Copy each line below that contains "Continuous".

Items from a dataset:
- Opening Delimiter -

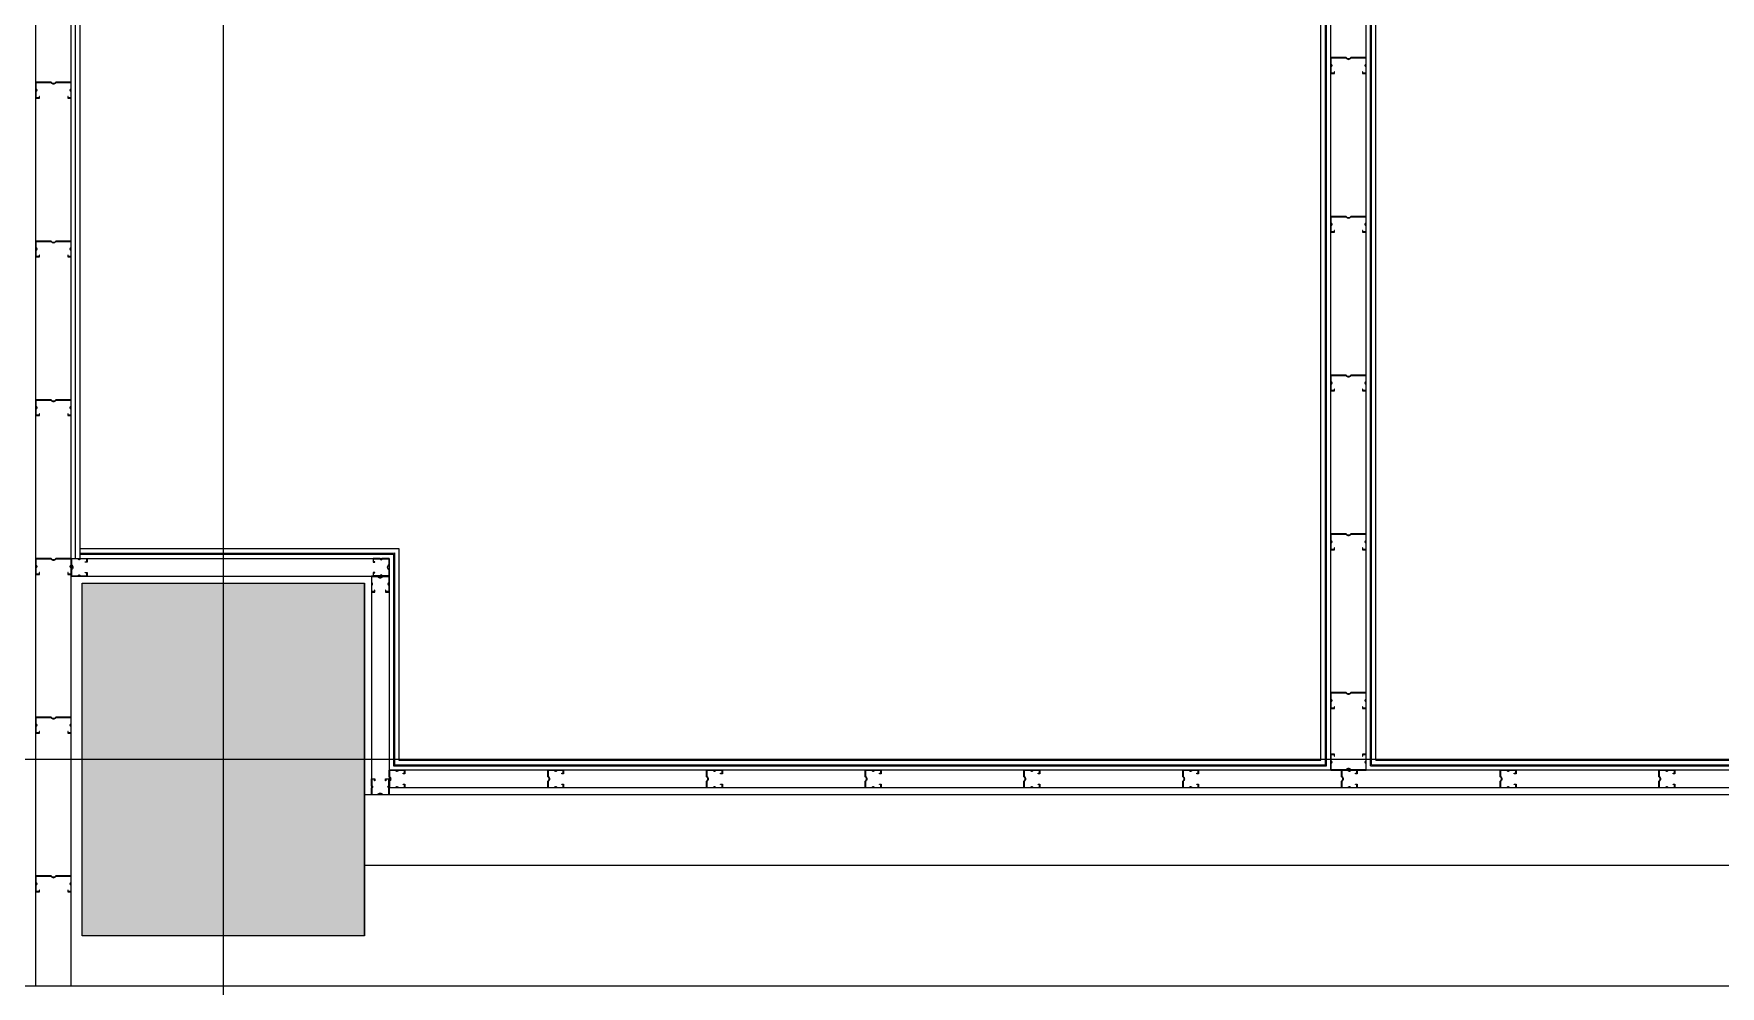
# Model space of a CAD drawing. Header units: metres. Extents: x 630750 to 860239, y 578133 to 726633.
# Drawn here: x 753967 to 758748, y 632268 to 634968 of the extents above; entities that cross this region are included whole.
import ezdxf

# ---------------------------------------------------------------- set-up
doc = ezdxf.new("R2010")
doc.units = ezdxf.units.M
doc.header["$LTSCALE"] = 300
doc.linetypes.add('업무시설_xr-base$0$CONTINOUS', pattern=[0])
for name, color, linetype in [('002mp-SYM', 3, 'Continuous'), ('A-CEN-1', 1, 'Continuous'), ('A-CON', 2, 'Continuous'), ('A-WAL-BLK', 3, 'Continuous'), ('A-WALL-CONC', 2, 'Continuous'), ('KUK-DRYWALL', 4, 'Continuous'), ('KUK-WALL-DRYWALL', 4, 'Continuous'), ('KUK-WALL-FIN 1', 30, 'Continuous'), ('KUK-석고보드', 201, 'Continuous')]:
    doc.layers.add(name, color=color, linetype=linetype)

# ---------------------------------------------------------------- blocks, each defined once
blk = doc.blocks.new('con1')
at = {"layer": 'A-WALL-CONC', "linetype": '업무시설_xr-base$0$CONTINOUS'}
h = blk.add_hatch(color=253, dxfattribs=at)
h.dxf.hatch_style = 1
h.paths.add_polyline_path([(-302595.9, -253222.2), (-301895.9, -253222.2), (-301895.9, -253922.2), (-302595.9, -253922.2)])
h.paths.add_polyline_path([(-384245.9, -253222.2), (-383545.9, -253222.2), (-383545.9, -253922.2), (-384245.9, -253922.2)])
h.paths.add_polyline_path([(-335095.9, -253172.2), (-334295.9, -253172.2), (-334295.9, -253972.2), (-335095.9, -253972.2)])
h.paths.add_polyline_path([(-354895.9, -253172.2), (-354095.9, -253172.2), (-354095.9, -253972.2), (-354895.9, -253972.2)])
h.paths.add_polyline_path([(-374695.9, -253172.2), (-373895.9, -253172.2), (-373895.9, -253972.2), (-374695.9, -253972.2)])
h.paths.add_polyline_path([(-325195.9, -253172.2), (-324395.9, -253172.2), (-324395.9, -253972.2), (-325195.9, -253972.2)])
h.paths.add_polyline_path([(-364745.9, -253222.2), (-364045.9, -253222.2), (-364045.9, -253922.2), (-364745.9, -253922.2)])
h.paths.add_polyline_path([(-344945.9, -253222.2), (-344245.9, -253222.2), (-344245.9, -253922.2), (-344945.9, -253922.2)])
h.paths.add_polyline_path([(-310045.9, -253222.2), (-309345.9, -253222.2), (-309345.9, -253922.2), (-310045.9, -253922.2)])
h.paths.add_polyline_path([(-318595.9, -253172.2), (-317795.9, -253172.2), (-317795.9, -253972.2), (-318595.9, -253972.2)])
h.paths.add_polyline_path([(-384245.9, -310859.9), (-383445.9, -310859.9), (-383445.9, -311659.9), (-384245.9, -311659.9)])
h.paths.add_polyline_path([(-384245.9, -305472.2), (-383445.9, -305472.2), (-383445.9, -306272.2), (-384245.9, -306272.2)])
h.paths.add_polyline_path([(-384245.9, -295572.2), (-383445.9, -295572.2), (-383445.9, -296372.2), (-384245.9, -296372.2)])
h.paths.add_polyline_path([(-384195.9, -276472.2), (-383595.9, -276472.2), (-383595.9, -275872.2), (-384195.9, -275872.2)])
h.paths.add_polyline_path([(-384245.9, -285672.2), (-383445.9, -285672.2), (-383445.9, -286472.2), (-384245.9, -286472.2)])
h.paths.add_polyline_path([(-384295.9, -269172.2), (-383495.9, -269172.2), (-383495.9, -269972.2), (-384295.9, -269972.2)])
h.paths.add_polyline_path([(-384295.9, -260672.2), (-383495.9, -260672.2), (-383495.9, -261472.2), (-384295.9, -261472.2)])
h.paths.add_polyline_path([(-376995.9, -285572.2), (-376195.9, -285572.2), (-376195.9, -286372.2), (-376995.9, -286372.2)], flags=17)
h.paths.add_polyline_path([(-374695.9, -276572.2), (-373895.9, -276572.2), (-373895.9, -275772.2), (-374695.9, -275772.2)], flags=17)
h.paths.add_polyline_path([(-364695.9, -285772.2), (-364095.9, -285772.2), (-364095.9, -286372.2), (-364695.9, -286372.2)], flags=17)
h.paths.add_polyline_path([(-364795.9, -275772.2), (-363995.9, -275772.2), (-363995.9, -276572.2), (-364795.9, -276572.2)], flags=17)
edge = h.paths.add_edge_path(flags=16)
edge.add_arc((-376495.9, -295972.2), 450, 0, 360)
edge = h.paths.add_edge_path(flags=16)
edge.add_arc((-354495.9, -302572.2), 450, 0, 360)
edge = h.paths.add_edge_path(flags=16)
edge.add_arc((-364395.9, -295972.2), 350, 0, 360)
edge = h.paths.add_edge_path(flags=16)
edge.add_arc((-354495.9, -295972.2), 450, 0, 360)
edge = h.paths.add_edge_path(flags=16)
edge.add_arc((-344595.9, -302572.2), 350, 0, 360)
edge = h.paths.add_edge_path(flags=16)
edge.add_arc((-344595.9, -295972.2), 350, 0, 360)
edge = h.paths.add_edge_path(flags=16)
edge.add_arc((-364395.9, -302572.2), 350, 0, 360)
h.paths.add_polyline_path([(-375978.1, -305715.7), (-376743.7, -305483.5), (-376976, -306249), (-376210.4, -306481.3)], flags=17)
h.paths.add_polyline_path([(-378097.8, -312701.2), (-378863.4, -312468.9), (-379095.6, -313234.5), (-378330.1, -313466.8)], flags=16)
h.paths.add_polyline_path([(-354767.9, -312099.6), (-355533.5, -311867.3), (-355765.8, -312632.8), (-355000.2, -312865.1)], flags=17)
h.paths.add_polyline_path([(-347591.1, -314277.3), (-348356.6, -314045), (-348588.9, -314810.6), (-347823.4, -315042.9)], flags=17)
h.paths.add_polyline_path([(-349725.3, -321310.6), (-350490.8, -321078.3), (-350723.1, -321843.9), (-349957.6, -322076.2)], flags=17)
h.paths.add_polyline_path([(-359198.7, -318436), (-359964.3, -318203.7), (-360196.6, -318969.2), (-359431, -319201.5)], flags=17)
edge = h.paths.add_edge_path(flags=16)
edge.add_arc((-324745.9, -312472.2), 450, 0, 360)
h.paths.add_polyline_path([(-318595.9, -311972.2), (-317795.9, -311972.2), (-317795.9, -312972.2), (-318595.9, -312972.2)], flags=17)
edge = h.paths.add_edge_path(flags=16)
edge.add_arc((-335145.9, -312472.2), 350, 0, 360)
edge = h.paths.add_edge_path(flags=16)
edge.add_arc((-338616.5, -317418.6), 450, 0, 360)
h.paths.add_polyline_path([(-340251.8, -324185.3), (-341017.4, -323953), (-341249.7, -324718.5), (-340484.1, -324950.8)], flags=17)
edge = h.paths.add_edge_path(flags=17)
edge.add_arc((-324745.9, -319072.2), 450, 0, 360)
h.paths.add_polyline_path([(-318695.9, -318672.2), (-317695.9, -318672.2), (-317695.9, -319472.2), (-318695.9, -319472.2)], flags=17)
h.paths.add_polyline_path([(-310095.9, -327072.2), (-309295.9, -327072.2), (-309295.9, -327872.2), (-310095.9, -327872.2)])
h.paths.add_polyline_path([(-316095.9, -322372.2), (-316095.9, -325422.2), (-311307.7, -325422.2), (-311307.7, -325222.2), (-315895.9, -325222.2), (-315895.9, -322572.2), (-309695.9, -322572.2), (-309695.9, -325222.2), (-310307.7, -325222.2), (-310307.7, -325422.2), (-309495.9, -325422.2), (-309495.9, -322372.2)], flags=17)
edge = h.paths.add_edge_path(flags=17)
edge.add_arc((-324795.9, -327472.2), 400, 0, 360)
edge = h.paths.add_edge_path(flags=17)
edge.add_arc((-318195.9, -329272.2), 450, 0, 360)
h.paths.add_polyline_path([(-310095.9, -331472.2), (-309295.9, -331472.2), (-309295.9, -332272.2), (-310095.9, -332272.2)])
edge = h.paths.add_edge_path(flags=16)
edge.add_arc((-334695.9, -302572.2), 350, 0, 360)
edge = h.paths.add_edge_path(flags=17)
edge.add_arc((-334695.9, -286072.2), 350, 0, 360)
edge = h.paths.add_edge_path(flags=16)
edge.add_arc((-334695.9, -295972.2), 350, 0, 360)
edge = h.paths.add_edge_path(flags=17)
edge.add_arc((-344595.9, -286072.2), 450, 0, 360)
h.paths.add_polyline_path([(-318595.9, -295472.2), (-317795.9, -295472.2), (-317795.9, -296472.2), (-318595.9, -296472.2)], flags=17)
h.paths.add_polyline_path([(-318595.9, -302072.2), (-317795.9, -302072.2), (-317795.9, -303072.2), (-318595.9, -303072.2)], flags=17)
edge = h.paths.add_edge_path(flags=16)
edge.add_arc((-324795.9, -302572.2), 450, 0, 360)
edge = h.paths.add_edge_path(flags=16)
edge.add_arc((-324795.9, -295972.2), 450, 0, 360)
edge = h.paths.add_edge_path(flags=17)
edge.add_arc((-324795.9, -286072.2), 450, 0, 360)
edge = h.paths.add_edge_path(flags=17)
edge.add_arc((-334695.9, -276172.2), 450, 0, 360)
edge = h.paths.add_edge_path(flags=17)
edge.add_arc((-344595.9, -276172.2), 450, 0, 360)
h.paths.add_polyline_path([(-318595.9, -275772.2), (-317795.9, -275772.2), (-317795.9, -276572.2), (-318595.9, -276572.2)], flags=17)
h.paths.add_polyline_path([(-318595.9, -285672.2), (-317795.9, -285672.2), (-317795.9, -286472.2), (-318595.9, -286472.2)], flags=17)
edge = h.paths.add_edge_path(flags=17)
edge.add_arc((-324795.9, -276172.2), 450, 0, 360)
h.paths.add_polyline_path([(-364795.9, -260672.2), (-363995.9, -260672.2), (-363995.9, -261472.2), (-364795.9, -261472.2)])
h.paths.add_polyline_path([(-364795.9, -269172.2), (-363995.9, -269172.2), (-363995.9, -269972.2), (-364795.9, -269972.2)], flags=17)
h.paths.add_polyline_path([(-325195.9, -269172.2), (-324395.9, -269172.2), (-324395.9, -269972.2), (-325195.9, -269972.2)], flags=17)
h.paths.add_polyline_path([(-310845.9, -260722.2), (-310045.9, -260722.2), (-310045.9, -261522.2), (-310845.9, -261522.2)], flags=17)
h.paths.add_polyline_path([(-325195.9, -260672.2), (-324395.9, -260672.2), (-324395.9, -261472.2), (-325195.9, -261472.2)])
h.paths.add_polyline_path([(-335095.9, -260672.2), (-334295.9, -260672.2), (-334295.9, -261472.2), (-335095.9, -261472.2)])
h.paths.add_polyline_path([(-344995.9, -260672.2), (-344195.9, -260672.2), (-344195.9, -261472.2), (-344995.9, -261472.2)])
h.paths.add_polyline_path([(-354895.9, -260672.2), (-354095.9, -260672.2), (-354095.9, -261472.2), (-354895.9, -261472.2)])
h.paths.add_polyline_path([(-354895.9, -269172.2), (-354095.9, -269172.2), (-354095.9, -269972.2), (-354895.9, -269972.2)], flags=17)
h.paths.add_polyline_path([(-344995.9, -269172.2), (-344195.9, -269172.2), (-344195.9, -269972.2), (-344995.9, -269972.2)], flags=17)
h.paths.add_polyline_path([(-335095.9, -269172.2), (-334295.9, -269172.2), (-334295.9, -269972.2), (-335095.9, -269972.2)], flags=17)
h.paths.add_polyline_path([(-310145.9, -275772.2), (-309345.9, -275772.2), (-309345.9, -276572.2), (-310145.9, -276572.2)])
h.paths.add_polyline_path([(-310145.9, -269172.2), (-309345.9, -269172.2), (-309345.9, -269972.2), (-310145.9, -269972.2)])
h.paths.add_polyline_path([(-309945.9, -312172.2), (-309345.9, -312172.2), (-309345.9, -312772.2), (-309945.9, -312772.2)], flags=17)
h.paths.add_polyline_path([(-309945.9, -302272.2), (-309345.9, -302272.2), (-309345.9, -302872.2), (-309945.9, -302872.2)], flags=17)
h.paths.add_polyline_path([(-310145.9, -295572.2), (-309345.9, -295572.2), (-309345.9, -296372.2), (-310145.9, -296372.2)])
h.paths.add_polyline_path([(-310145.9, -285672.2), (-309345.9, -285672.2), (-309345.9, -286472.2), (-310145.9, -286472.2)])
h.paths.add_polyline_path([(-366406.6, -311179.9), (-366585, -311089.4), (-367172.8, -312248.9), (-366994.4, -312339.4)], flags=16)
h.paths.add_polyline_path([(-367582.3, -313498.9), (-367760.7, -313408.4), (-368303.3, -314478.7), (-368124.9, -314569.2)], flags=16)
h.paths.add_polyline_path([(-374501.4, -323406.8), (-375266.9, -323174.5), (-375499.2, -323940), (-374733.7, -324172.3)], flags=17)
h.paths.add_polyline_path([(-380817, -321490.3), (-381582.5, -321258), (-381814.8, -322023.6), (-381049.3, -322255.9)])
h.paths.add_polyline_path([(-319504.7, -329605.3), (-319562.8, -329796.7), (-318586.8, -330092.9), (-318528.7, -329901.5)], flags=17)
h.paths.add_polyline_path([(-317399.5, -330244.1), (-317457.6, -330435.5), (-316481.5, -330731.7), (-316423.5, -330540.3)], flags=17)
h.paths.add_polyline_path([(-315294.3, -330882.9), (-315352.4, -331074.3), (-314376.3, -331370.5), (-314318.3, -331179.1)], flags=17)
h.paths.add_polyline_path([(-313189.1, -331521.7), (-313247.2, -331713.1), (-312271.1, -332009.3), (-312213, -331817.9)], flags=17)
h.paths.add_polyline_path([(-311083.9, -332160.5), (-311142, -332351.9), (-310165.9, -332648.1), (-310107.8, -332456.7)], flags=17)
h.paths.add_polyline_path([(-308978.7, -332799.4), (-309036.7, -332990.7), (-308060.7, -333286.9), (-308002.6, -333095.5)])
h.paths.add_polyline_path([(-306873.5, -333438.2), (-306931.5, -333629.5), (-305955.5, -333925.7), (-305897.4, -333734.3)])
h.paths.add_polyline_path([(-321610, -328966.5), (-321668, -329157.9), (-320692, -329454.1), (-320633.9, -329262.7)], flags=17)
h.paths.add_polyline_path([(-304768.2, -334077), (-304826.3, -334268.4), (-303850.3, -334564.5), (-303792.2, -334373.1)])
h.paths.add_polyline_path([(-366379.8, -308837.3), (-366525.2, -309124), (-365780.1, -309501.8), (-365997.1, -309929.9), (-365818.7, -310020.4), (-365281.9, -308961.4), (-368992.7, -307835.4), (-369050.7, -308026.8), (-368955, -308055.9), (-369303.5, -309204.2), (-369399.2, -309175.1), (-369457.2, -309366.5), (-369361.5, -309395.5), (-371190.9, -315424.1), (-373726.7, -314654.6), (-371897.4, -308626.1), (-370414.2, -309076.1), (-370356.1, -308884.7), (-371839.3, -308434.7), (-371490.9, -307286.4), (-370007.6, -307736.5), (-369949.6, -307545.1), (-371624.2, -307036.9), (-373976.1, -314787.9), (-369001.2, -316297.6), (-368712.8, -315728.7), (-368891.1, -315638.2), (-369103.7, -316057.4), (-370999.5, -315482.2), (-368763.6, -308113.9)], flags=17)
edge = h.paths.add_edge_path()
edge.add_line((-317995.9, -269122.2), (-318195.9, -269122.2))
edge.add_line((-318195.9, -266622.2), (-317995.9, -266622.2))
edge.add_line((-318195.9, -265972.2), (-318195.9, -266622.2))
edge.add_line((-318195.9, -269122.2), (-318195.9, -269672.2))
edge.add_line((-317995.9, -269472.2), (-317995.9, -269122.2))
edge.add_line((-317995.9, -266622.2), (-317995.9, -265972.2))
edge.add_line((-317070.9, -260922.2), (-317070.9, -260722.2))
edge.add_line((-317070.9, -260722.2), (-314895.9, -260722.2))
edge.add_line((-314895.9, -260722.2), (-314895.9, -260922.2))
edge.add_line((-314895.9, -260922.2), (-317070.9, -260922.2))
edge.add_line((-318195.9, -265972.2), (-321995.9, -265972.2))
edge.add_line((-321995.9, -265972.2), (-321995.9, -262022.2))
edge.add_line((-321995.9, -262022.2), (-321795.9, -262022.2))
edge.add_line((-321795.9, -262022.2), (-321795.9, -262922.2))
edge.add_line((-321795.9, -262922.2), (-321695.9, -262922.2))
edge.add_line((-321695.9, -262922.2), (-321695.9, -263122.2))
edge.add_line((-321695.9, -263122.2), (-321795.9, -263122.2))
edge.add_line((-321795.9, -263122.2), (-321795.9, -265772.2))
edge.add_line((-321795.9, -265772.2), (-314195.9, -265772.2))
edge.add_line((-314195.9, -265772.2), (-314195.9, -263122.2))
edge.add_line((-314195.9, -263122.2), (-320695.9, -263122.2))
edge.add_line((-320695.9, -263122.2), (-320695.9, -262922.2))
edge.add_line((-320695.9, -262922.2), (-319545.9, -262922.2))
edge.add_line((-319545.9, -262922.2), (-319545.9, -260922.2))
edge.add_line((-319545.9, -260922.2), (-321795.9, -260922.2))
edge.add_line((-321795.9, -260922.2), (-321795.9, -261022.2))
edge.add_line((-321795.9, -261022.2), (-321995.9, -261022.2))
edge.add_line((-321995.9, -261022.2), (-321995.9, -260722.2))
edge.add_line((-321995.9, -260722.2), (-317770.9, -260722.2))
edge.add_line((-317770.9, -260722.2), (-317770.9, -260922.2))
edge.add_line((-317995.9, -269472.2), (-314195.9, -269472.2))
edge.add_line((-314195.9, -269472.2), (-314195.9, -265972.2))
edge.add_line((-314195.9, -265972.2), (-317995.9, -265972.2))
edge.add_line((-317770.9, -260922.2), (-319345.9, -260922.2))
edge.add_line((-319345.9, -260922.2), (-319345.9, -262922.2))
edge.add_line((-319345.9, -262922.2), (-314195.9, -262922.2))
edge.add_line((-314195.9, -262922.2), (-314195.9, -260722.2))
edge.add_line((-314195.9, -260722.2), (-313995.9, -260722.2))
edge.add_line((-313995.9, -260722.2), (-313995.9, -269672.2))
edge.add_line((-313995.9, -269672.2), (-318195.9, -269672.2))
edge.add_line((-309345.9, -286472.2), (-309345.9, -312772.2))
edge.add_line((-309545.9, -302872.2), (-309545.9, -312172.2))
edge.add_line((-309545.9, -296372.2), (-309545.9, -302272.2))
edge.add_line((-309545.9, -286472.2), (-309545.9, -295572.2))
edge.add_line((-375426.6, -323700.8), (-380976.7, -322016.6))
edge.add_line((-334860, -324841.4), (-335146.9, -325786.6))
edge.add_line((-334660.1, -325215.5), (-334859.8, -325873.7))
edge.add_line((-324795.9, -328208.8), (-324795.9, -327872.2))
edge.add_line((-324595.9, -328060.4), (-324595.9, -327818.6))
edge.add_line((-324795.9, -328208.8), (-322797.2, -328815.2))
edge.add_line((-322797.2, -328815.2), (-322739.1, -328623.9))
edge.add_line((-322739.1, -328623.9), (-324595.9, -328060.4))
edge.add_line((-337531.2, -334677.3), (-338201, -334474.1))
edge.add_line((-338201, -334474.1), (-338404.3, -335143.9))
edge.add_line((-338404.3, -335143.9), (-337734.4, -335347.2))
edge.add_line((-337734.4, -335347.2), (-337531.2, -334677.3))
edge = h.paths.add_edge_path()
edge.add_line((-339857.9, -323400.5), (-339799.8, -323209.1))
edge.add_line((-339799.8, -323209.1), (-337930.3, -317052.2))
edge.add_line((-337930.3, -317052.2), (-338217.3, -316965))
edge.add_line((-338217.3, -316965), (-338268.5, -317133.4))
edge.add_arc((-338616.5, -317418.6), 450, -73.1135, 39.3318, ccw=False)
edge.add_line((-338485.8, -317849.2), (-340145, -323313.3))
edge.add_line((-340145, -323313.3), (-339857.9, -323400.5))
at = {"layer": 'A-CON'}
blk.add_lwpolyline([(-318595.9, -311972.2), (-317795.9, -311972.2), (-317795.9, -312972.2), (-318595.9, -312972.2)], close=True, dxfattribs=at)

msp = doc.modelspace()

# ---------------------------------------------------------------- linework, layer by layer
at = {"layer": '002mp-SYM', "color": 7}
msp.add_lwpolyline([(772576.1, 632267.5), (760376.6, 632267.5), (760219, 632596), (760219, 631939.2), (760065.7, 632267.5), (753558.6, 632267.5)], dxfattribs=at)
at = {"layer": 'A-CEN-1', "linetype": 'Continuous'}
for p, q in [((754504.4, 708258.8), (754504.4, 599232.8)), ((796986.4, 632910.2), (735004.4, 632910.2))]:
    msp.add_line(p, q, dxfattribs=at)
at = {"layer": 'A-CON'}
msp.add_lwpolyline([(754104.4, 633410.2), (754904.4, 633410.2), (754904.4, 632410.2), (754104.4, 632410.2)], close=True, dxfattribs=at)
at = {"layer": 'A-WAL-BLK'}
for p, q in [((762754.4, 632810.2), (754904.4, 632810.2)), ((762754.4, 632610.2), (754904.4, 632610.2))]:
    msp.add_line(p, q, dxfattribs=at)
at = {"layer": 'KUK-DRYWALL', "color": 8}
for points in [[(757734.4, 634856.1), (757734.4, 634855.1), (757744.4, 634855.1), (757744.4, 634875.1, -1), (757744.4, 634880.1), (757744.4, 634900.1), (757700.9, 634900.1, -0.589997), (757687.9, 634900.1), (757644.4, 634900.1), (757644.4, 634880.1, -1), (757644.4, 634875.1), (757644.4, 634855.1), (757654.4, 634855.1), (757654.4, 634860.1), (757653.4, 634860.1), (757653.4, 634856.1), (757645.4, 634856.1), (757645.4, 634874.2, 0.745356), (757645.4, 634880.9), (757645.4, 634899.1), (757687.3, 634899.1, 0.542783), (757701.5, 634899.1), (757743.4, 634899.1), (757743.4, 634880.9, 0.745356), (757743.4, 634874.2), (757743.4, 634856.1), (757735.4, 634856.1), (757735.4, 634860.1), (757734.4, 634860.1), (757734.4, 634855.1)], [(754063.4, 634786.2), (754063.4, 634785.2), (754073.4, 634785.2), (754073.4, 634805.2, -1), (754073.4, 634810.2), (754073.4, 634830.2), (754029.9, 634830.2, -0.589997), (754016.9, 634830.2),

- Closing Delimiter -

- [ANSWER TO THIS TASK]
for name, color, linetype in [('002mp-SYM', 3, 'Continuous'), ('A-CEN-1', 1, 'Continuous'), ('A-CON', 2, 'Continuous'), ('A-WAL-BLK', 3, 'Continuous'), ('A-WALL-CONC', 2, 'Continuous'), ('KUK-DRYWALL', 4, 'Continuous'), ('KUK-WALL-DRYWALL', 4, 'Continuous'), ('KUK-WALL-FIN 1', 30, 'Continuous'), ('KUK-석고보드', 201, 'Continuous')]:
at = {"layer": 'A-CEN-1', "linetype": 'Continuous'}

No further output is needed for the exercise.